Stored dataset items
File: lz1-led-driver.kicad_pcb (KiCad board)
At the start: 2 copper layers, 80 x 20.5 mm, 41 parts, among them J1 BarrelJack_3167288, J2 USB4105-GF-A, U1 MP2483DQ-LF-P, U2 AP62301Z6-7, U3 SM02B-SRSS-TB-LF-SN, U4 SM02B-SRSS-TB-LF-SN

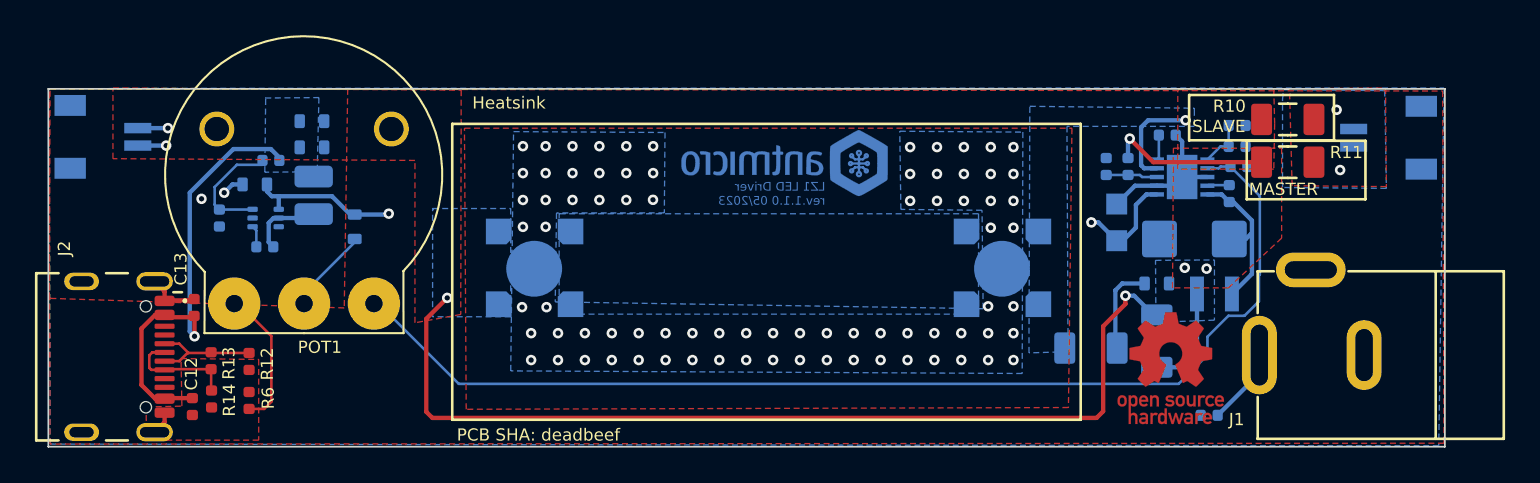
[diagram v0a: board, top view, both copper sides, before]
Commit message: Correct symbols and footprints with missing 3D models
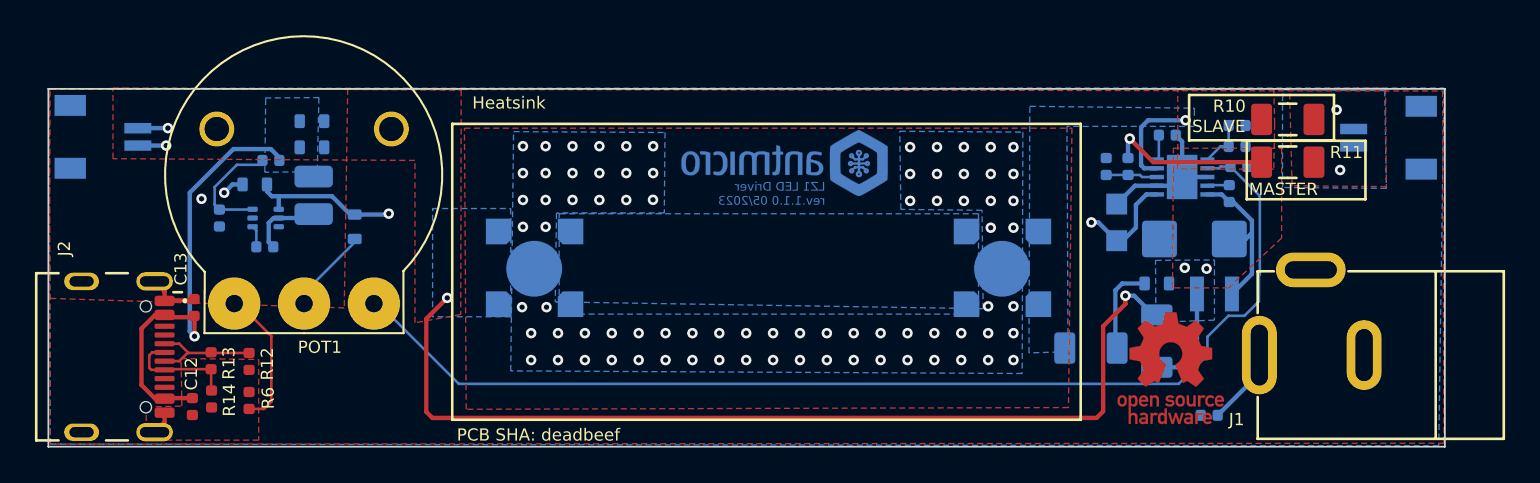
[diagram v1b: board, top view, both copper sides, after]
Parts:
- U3, U4: footprint antmicro-footprints:JST_SM02B-SRSS-TB(LF)(SN) -> antmicro-footprints:JST_SM02B-SRSS-TB-LF-SN

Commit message: Refresh standardization on schematic and PCB
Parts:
- added TP1: TP_1mm_SMD, antmicro-footprints:Testpoint_smd_1mm, B.Cu at (95.7, 49.2)
- C2: footprint antmicro-footprints:0603-cap -> antmicro-footprints:C_0603_1608Metric
- C4, C5: footprint antmicro-footprints:0402-cap -> antmicro-footprints:C_0402_1005Metric
- D2, D3: footprint antmicro-footprints:LZ1-00R802_4EP_4.4x4.4 -> antmicro-footprints:LED_IR_LZ1-00R802
- J2: value USB4105-GF-A -> USB-C_USB4105-GF-A
- POT1: value R0141-2-20k -> POT_20k_R0141-2-20k; footprint antmicro-footprints:Potentiometer_SRPassives_R0141-2_Horizontal -> antmicro-footprints:POT_R0141-2
- R1: footprint antmicro-footprints:1206-res -> antmicro-footprints:R_1206_3216Metric
- R2, R3, R8: footprint antmicro-footprints:0402-res -> antmicro-footprints:R_0402_1005Metric
- R5: footprint antmicro-footprints:0603-res -> antmicro-footprints:R_0603_1608Metric
- U1: footprint antmicro-footprints:MP2483DQ-LF-P -> antmicro-footprints:QFN-10-1EP_3x3mm_P0.5mm
- moved POT1 8.50 mm to (95.7, 52.8)
- moved L2 0.08 mm to (100.3, 46.6)
- renumbered U3 to J3, U4 to J4
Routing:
- net GND: track 18.1 -> 22.5 mm, vias 2 -> 5
- net Net-(TP1-Pad1): track 0.00 -> 2.10 mm

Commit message: Updated Value fields in selected footprints
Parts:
- POT1: value POT_20k_R0141-2-20k -> POT_R0141-2
- U1: value MP2483DQ-LF-P -> QFN-10-1EP_3x3mm_P0.5mm

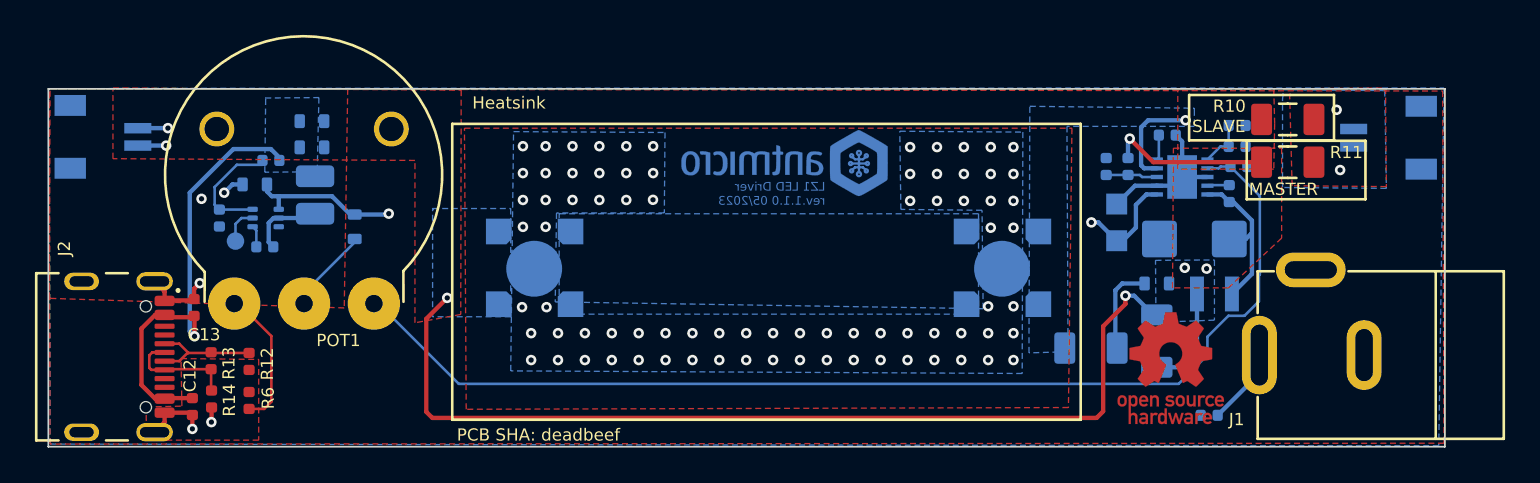
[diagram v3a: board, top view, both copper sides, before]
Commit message: Introduced schematic standardization
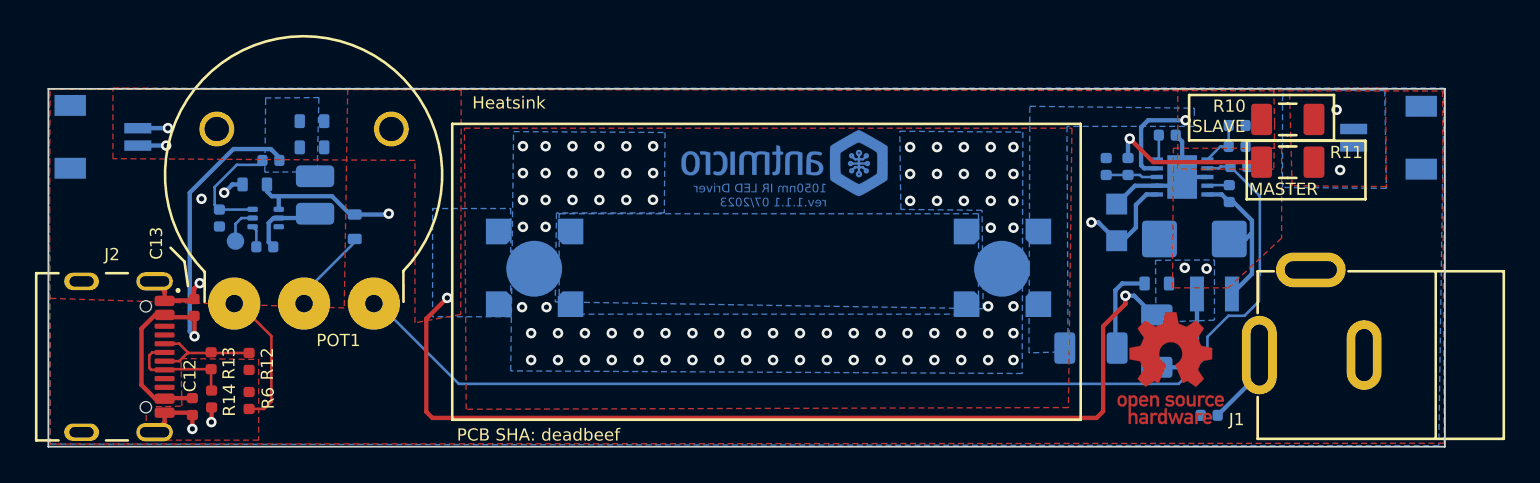
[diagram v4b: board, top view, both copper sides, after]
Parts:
- C1: footprint antmicro-footprints:0805-cap -> antmicro-footprints:C_0805_2012Metric
- J2: footprint antmicro-footprints:GCT_USB4105-GF-A -> antmicro-footprints:USB-C_GCT_USB4105-GF-A
- L1: value SRP2512A-4R7M -> L_4u7_1.5A_1008
- POT1: value POT_R0141-2 -> POT_20k_R0141-2-20k
- U1: value QFN-10-1EP_3x3mm_P0.5mm -> MP2483DQ-LF-P
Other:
- board text added: "1050nm IR LED Driver rev.${REVISION} 07/2023"
- board text removed: "LZ1 LED Driver rev.1.1.0 05/2023"

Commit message: [50954] Added CC resistors and OHP assets, updated README
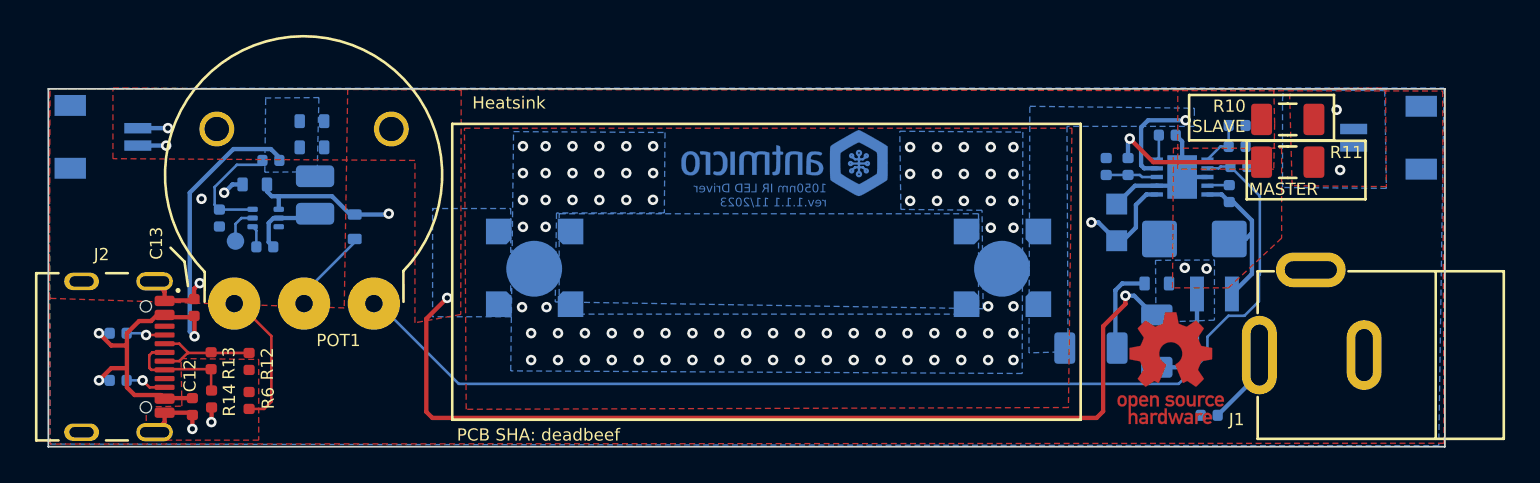
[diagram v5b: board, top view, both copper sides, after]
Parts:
- added R15: R_22k_0402, antmicro-footprints:R_0402_1005Metric, B.Cu at (89.0, 57.2)
- added R16: R_22k_0402, antmicro-footprints:R_0402_1005Metric, B.Cu at (89.0, 54.5)
- J2: value USB-C_USB4105-GF-A -> USB-C_GCT_USB4105-GF-A; footprint antmicro-footprints:USB-C_GCT_USB4105-GF-A -> antmicro-footprints:USB-C_Receptacle_GCT_USB4105-GF-A
- J3, J4: value SM02B-SRSS-TB-LF-SN -> JST_SH_1x2_SM02B-SRSS-TB-LF-SN; footprint antmicro-footprints:JST_SM02B-SRSS-TB-LF-SN -> antmicro-footprints:Conn_JST_SH_1x2_SM02B-SRSS-TB-LF-SN
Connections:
- J2 pad A5: unconnected-(J2-PadA5) -> Net-(R16-Pad1)
- J2 pad B5: unconnected-(J2-PadB5) -> Net-(R15-Pad1)
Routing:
- net /LED DRIVER & USB-C Power output/VBUS: track 25.4 -> 32.0 mm, vias 1 -> 3
- net Net-(R15-Pad1): track 0.00 -> 2.34 mm, vias 0 -> 1
- net Net-(R16-Pad1): track 0.00 -> 2.22 mm, vias 0 -> 1
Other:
- board text added: "1050nm IR LED Driver rev.${REVISION} 11/2023"

* _WHAT NEEDS TO BE DONE_: Lines holding "Commit" in the data above: copy each of them.

* _TASK RESULT_:
Commit message: Correct symbols and footprints with missing 3D models
Commit message: Refresh standardization on schematic and PCB
Commit message: Updated Value fields in selected footprints
Commit message: Introduced schematic standardization
Commit message: [50954] Added CC resistors and OHP assets, updated README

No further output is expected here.